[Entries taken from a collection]
◇ ◇ ◇ ◇ ◇

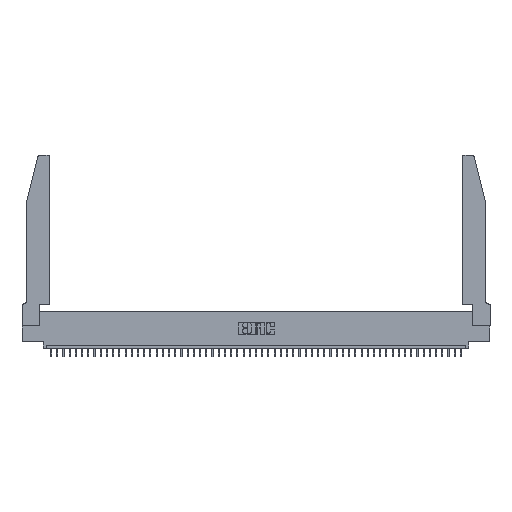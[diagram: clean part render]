
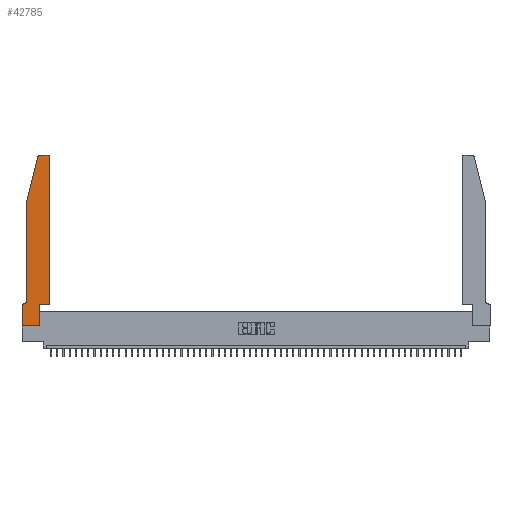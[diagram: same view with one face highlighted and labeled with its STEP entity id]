
A CAD part, top view. The second image highlights one B-rep face of the part: STEP entity #42785.
In plain terms, the highlighted planar face has unit normal (0, 0, 1).
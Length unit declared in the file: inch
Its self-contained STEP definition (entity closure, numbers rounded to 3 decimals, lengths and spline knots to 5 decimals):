
#1123 = ORIENTED_EDGE ( 'NONE', *, *, #44829, .T. ) ;
#1864 = FACE_OUTER_BOUND ( 'NONE', #23134, .T. ) ;
#2426 = VECTOR ( 'NONE', #47101, 39.37008 ) ;
#2562 = VERTEX_POINT ( 'NONE', #25328 ) ;
#4945 = EDGE_CURVE ( 'NONE', #36986, #8006, #27474, .T. ) ;
#5031 = DIRECTION ( 'NONE',  ( 0., 1., 0. ) ) ;
#5761 = VERTEX_POINT ( 'NONE', #38431 ) ;
#6245 = AXIS2_PLACEMENT_3D ( 'NONE', #10543, #42657, #38679 ) ;
#6339 = PLANE ( 'NONE',  #6245 ) ;
#6947 = CIRCLE ( 'NONE', #12805, 0.03 ) ;
#7147 = LINE ( 'NONE', #20025, #44116 ) ;
#7289 = CARTESIAN_POINT ( 'NONE',  ( 0.2865, 0., 0.37 ) ) ;
#7528 = ORIENTED_EDGE ( 'NONE', *, *, #42883, .T. ) ;
#7873 = CARTESIAN_POINT ( 'NONE',  ( 0., 0.35, 0.37 ) ) ;
#8006 = VERTEX_POINT ( 'NONE', #9067 ) ;
#8975 = LINE ( 'NONE', #41085, #18233 ) ;
#9067 = CARTESIAN_POINT ( 'NONE',  ( 0.0755, 0.42, 0.37 ) ) ;
#10543 = CARTESIAN_POINT ( 'NONE',  ( 0., 0.35, 0.37 ) ) ;
#10854 = DIRECTION ( 'NONE',  ( 1., 0., 0. ) ) ;
#11103 = LINE ( 'NONE', #51387, #26645 ) ;
#11238 = DIRECTION ( 'NONE',  ( 0., 0., 1. ) ) ;
#11277 = VERTEX_POINT ( 'NONE', #29297 ) ;
#12475 = DIRECTION ( 'NONE',  ( -1., 0., 0. ) ) ;
#12805 = AXIS2_PLACEMENT_3D ( 'NONE', #33454, #21089, #17659 ) ;
#13530 = CARTESIAN_POINT ( 'NONE',  ( 0.0055, 0.42, 0.37 ) ) ;
#14003 = EDGE_CURVE ( 'NONE', #11277, #20259, #48126, .T. ) ;
#14110 = DIRECTION ( 'NONE',  ( 0., -1., 0. ) ) ;
#14375 = VERTEX_POINT ( 'NONE', #40926 ) ;
#15004 = CARTESIAN_POINT ( 'NONE',  ( 0.4505, 0.35, 0.37 ) ) ;
#15628 = CARTESIAN_POINT ( 'NONE',  ( 0.0755, 2., 0.37 ) ) ;
#16450 = AXIS2_PLACEMENT_3D ( 'NONE', #18111, #11238, #27037 ) ;
#17293 = ORIENTED_EDGE ( 'NONE', *, *, #17614, .T. ) ;
#17583 = CARTESIAN_POINT ( 'NONE',  ( 0.0755, 2., 0.37 ) ) ;
#17614 = EDGE_CURVE ( 'NONE', #24115, #36255, #36847, .T. ) ;
#17659 = DIRECTION ( 'NONE',  ( 1., 0., 0. ) ) ;
#17752 = ORIENTED_EDGE ( 'NONE', *, *, #51028, .T. ) ;
#18111 = CARTESIAN_POINT ( 'NONE',  ( 0.284, 2.72, 0.37 ) ) ;
#18233 = VECTOR ( 'NONE', #5031, 39.37008 ) ;
#18555 = CARTESIAN_POINT ( 'NONE',  ( 0.4505, 0.35, 0.37 ) ) ;
#18750 = VECTOR ( 'NONE', #21796, 39.37008 ) ;
#20025 = CARTESIAN_POINT ( 'NONE',  ( 0., 0., 0.37 ) ) ;
#20259 = VERTEX_POINT ( 'NONE', #7873 ) ;
#21089 = DIRECTION ( 'NONE',  ( 0., 0., 1. ) ) ;
#21540 = LINE ( 'NONE', #17583, #18750 ) ;
#21796 = DIRECTION ( 'NONE',  ( -0.239, -0.971, 0. ) ) ;
#23134 = EDGE_LOOP ( 'NONE', ( #17293, #1123, #36929, #42033, #51236, #43204, #37557, #46948, #37737, #50230, #7528, #17752 ) ) ;
#23210 = DIRECTION ( 'NONE',  ( 1., 0., 0. ) ) ;
#23920 = LINE ( 'NONE', #15004, #30611 ) ;
#24115 = VERTEX_POINT ( 'NONE', #37713 ) ;
#24248 = EDGE_CURVE ( 'NONE', #41214, #49997, #7147, .T. ) ;
#25328 = CARTESIAN_POINT ( 'NONE',  ( 0.25487, 2.72718, 0.37 ) ) ;
#26645 = VECTOR ( 'NONE', #10854, 39.37008 ) ;
#27037 = DIRECTION ( 'NONE',  ( 1., 0., 0. ) ) ;
#27474 = LINE ( 'NONE', #15628, #45757 ) ;
#28061 = EDGE_CURVE ( 'NONE', #5761, #45241, #11103, .T. ) ;
#28242 = CIRCLE ( 'NONE', #16450, 0.03 ) ;
#28536 = EDGE_CURVE ( 'NONE', #49997, #5761, #8975, .T. ) ;
#28946 = DIRECTION ( 'NONE',  ( -1., 0., 0. ) ) ;
#29297 = CARTESIAN_POINT ( 'NONE',  ( 0.0055, 0.35, 0.37 ) ) ;
#29740 = CARTESIAN_POINT ( 'NONE',  ( 0.284, 2.75, 0.37 ) ) ;
#30611 = VECTOR ( 'NONE', #43435, 39.37008 ) ;
#31019 = EDGE_CURVE ( 'NONE', #8006, #11277, #48706, .T. ) ;
#32717 = CARTESIAN_POINT ( 'NONE',  ( 0.0755, 2., 0.37 ) ) ;
#32894 = CARTESIAN_POINT ( 'NONE',  ( 0.2605, 2.75, 0.37 ) ) ;
#33454 = CARTESIAN_POINT ( 'NONE',  ( 0.4205, 2.72, 0.37 ) ) ;
#33711 = VECTOR ( 'NONE', #28946, 39.37008 ) ;
#34097 = LINE ( 'NONE', #50185, #48446 ) ;
#35474 = CARTESIAN_POINT ( 'NONE',  ( 0.0755, 0.35, 0.37 ) ) ;
#36255 = VERTEX_POINT ( 'NONE', #29740 ) ;
#36847 = LINE ( 'NONE', #32894, #33711 ) ;
#36929 = ORIENTED_EDGE ( 'NONE', *, *, #41885, .T. ) ;
#36986 = VERTEX_POINT ( 'NONE', #32717 ) ;
#37209 = DIRECTION ( 'NONE',  ( 0., 0., -1. ) ) ;
#37557 = ORIENTED_EDGE ( 'NONE', *, *, #45161, .T. ) ;
#37713 = CARTESIAN_POINT ( 'NONE',  ( 0.4205, 2.75, 0.37 ) ) ;
#37737 = ORIENTED_EDGE ( 'NONE', *, *, #28536, .T. ) ;
#38431 = CARTESIAN_POINT ( 'NONE',  ( 0.2865, 0.35, 0.37 ) ) ;
#38679 = DIRECTION ( 'NONE',  ( 1., 0., 0. ) ) ;
#40926 = CARTESIAN_POINT ( 'NONE',  ( 0.4505, 2.72, 0.37 ) ) ;
#41085 = CARTESIAN_POINT ( 'NONE',  ( 0.2865, 0.35, 0.37 ) ) ;
#41214 = VERTEX_POINT ( 'NONE', #51376 ) ;
#41885 = EDGE_CURVE ( 'NONE', #2562, #36986, #21540, .T. ) ;
#42033 = ORIENTED_EDGE ( 'NONE', *, *, #4945, .T. ) ;
#42657 = DIRECTION ( 'NONE',  ( 0., 0., 1. ) ) ;
#42785 = ADVANCED_FACE ( 'NONE', ( #1864 ), #6339, .T. ) ;
#42883 = EDGE_CURVE ( 'NONE', #45241, #14375, #23920, .T. ) ;
#43023 = DIRECTION ( 'NONE',  ( 0., -1., 0. ) ) ;
#43204 = ORIENTED_EDGE ( 'NONE', *, *, #14003, .T. ) ;
#43435 = DIRECTION ( 'NONE',  ( 0., 1., 0. ) ) ;
#44116 = VECTOR ( 'NONE', #23210, 39.37008 ) ;
#44829 = EDGE_CURVE ( 'NONE', #36255, #2562, #28242, .T. ) ;
#45161 = EDGE_CURVE ( 'NONE', #20259, #41214, #34097, .T. ) ;
#45241 = VERTEX_POINT ( 'NONE', #18555 ) ;
#45757 = VECTOR ( 'NONE', #43023, 39.37008 ) ;
#46948 = ORIENTED_EDGE ( 'NONE', *, *, #24248, .T. ) ;
#47101 = DIRECTION ( 'NONE',  ( -1., 0., 0. ) ) ;
#48126 = LINE ( 'NONE', #35474, #2426 ) ;
#48446 = VECTOR ( 'NONE', #14110, 39.37008 ) ;
#48706 = CIRCLE ( 'NONE', #51219, 0.07 ) ;
#49997 = VERTEX_POINT ( 'NONE', #7289 ) ;
#50185 = CARTESIAN_POINT ( 'NONE',  ( 0., 0., 0.37 ) ) ;
#50230 = ORIENTED_EDGE ( 'NONE', *, *, #28061, .T. ) ;
#51028 = EDGE_CURVE ( 'NONE', #14375, #24115, #6947, .T. ) ;
#51219 = AXIS2_PLACEMENT_3D ( 'NONE', #13530, #37209, #12475 ) ;
#51236 = ORIENTED_EDGE ( 'NONE', *, *, #31019, .T. ) ;
#51376 = CARTESIAN_POINT ( 'NONE',  ( 0., 0., 0.37 ) ) ;
#51387 = CARTESIAN_POINT ( 'NONE',  ( 0.4505, 0.35, 0.37 ) ) ;

◇ ◇ ◇ ◇ ◇

**EXERCISE:** Every line from the top of the records above to the line with "Its self-contained STEP", inclusive, should be duplicated exactly, minus the pictures.

**RESULT OF THE EXERCISE:**
[diagram: clean part render]
[diagram: same view with one face highlighted and labeled with its STEP entity id]
A CAD part, top view. The second image highlights one B-rep face of the part: STEP entity #42785.
In plain terms, the highlighted planar face has unit normal (0, 0, 1).
Length unit declared in the file: inch
Its self-contained STEP definition (entity closure, numbers rounded to 3 decimals, lengths and spline knots to 5 decimals):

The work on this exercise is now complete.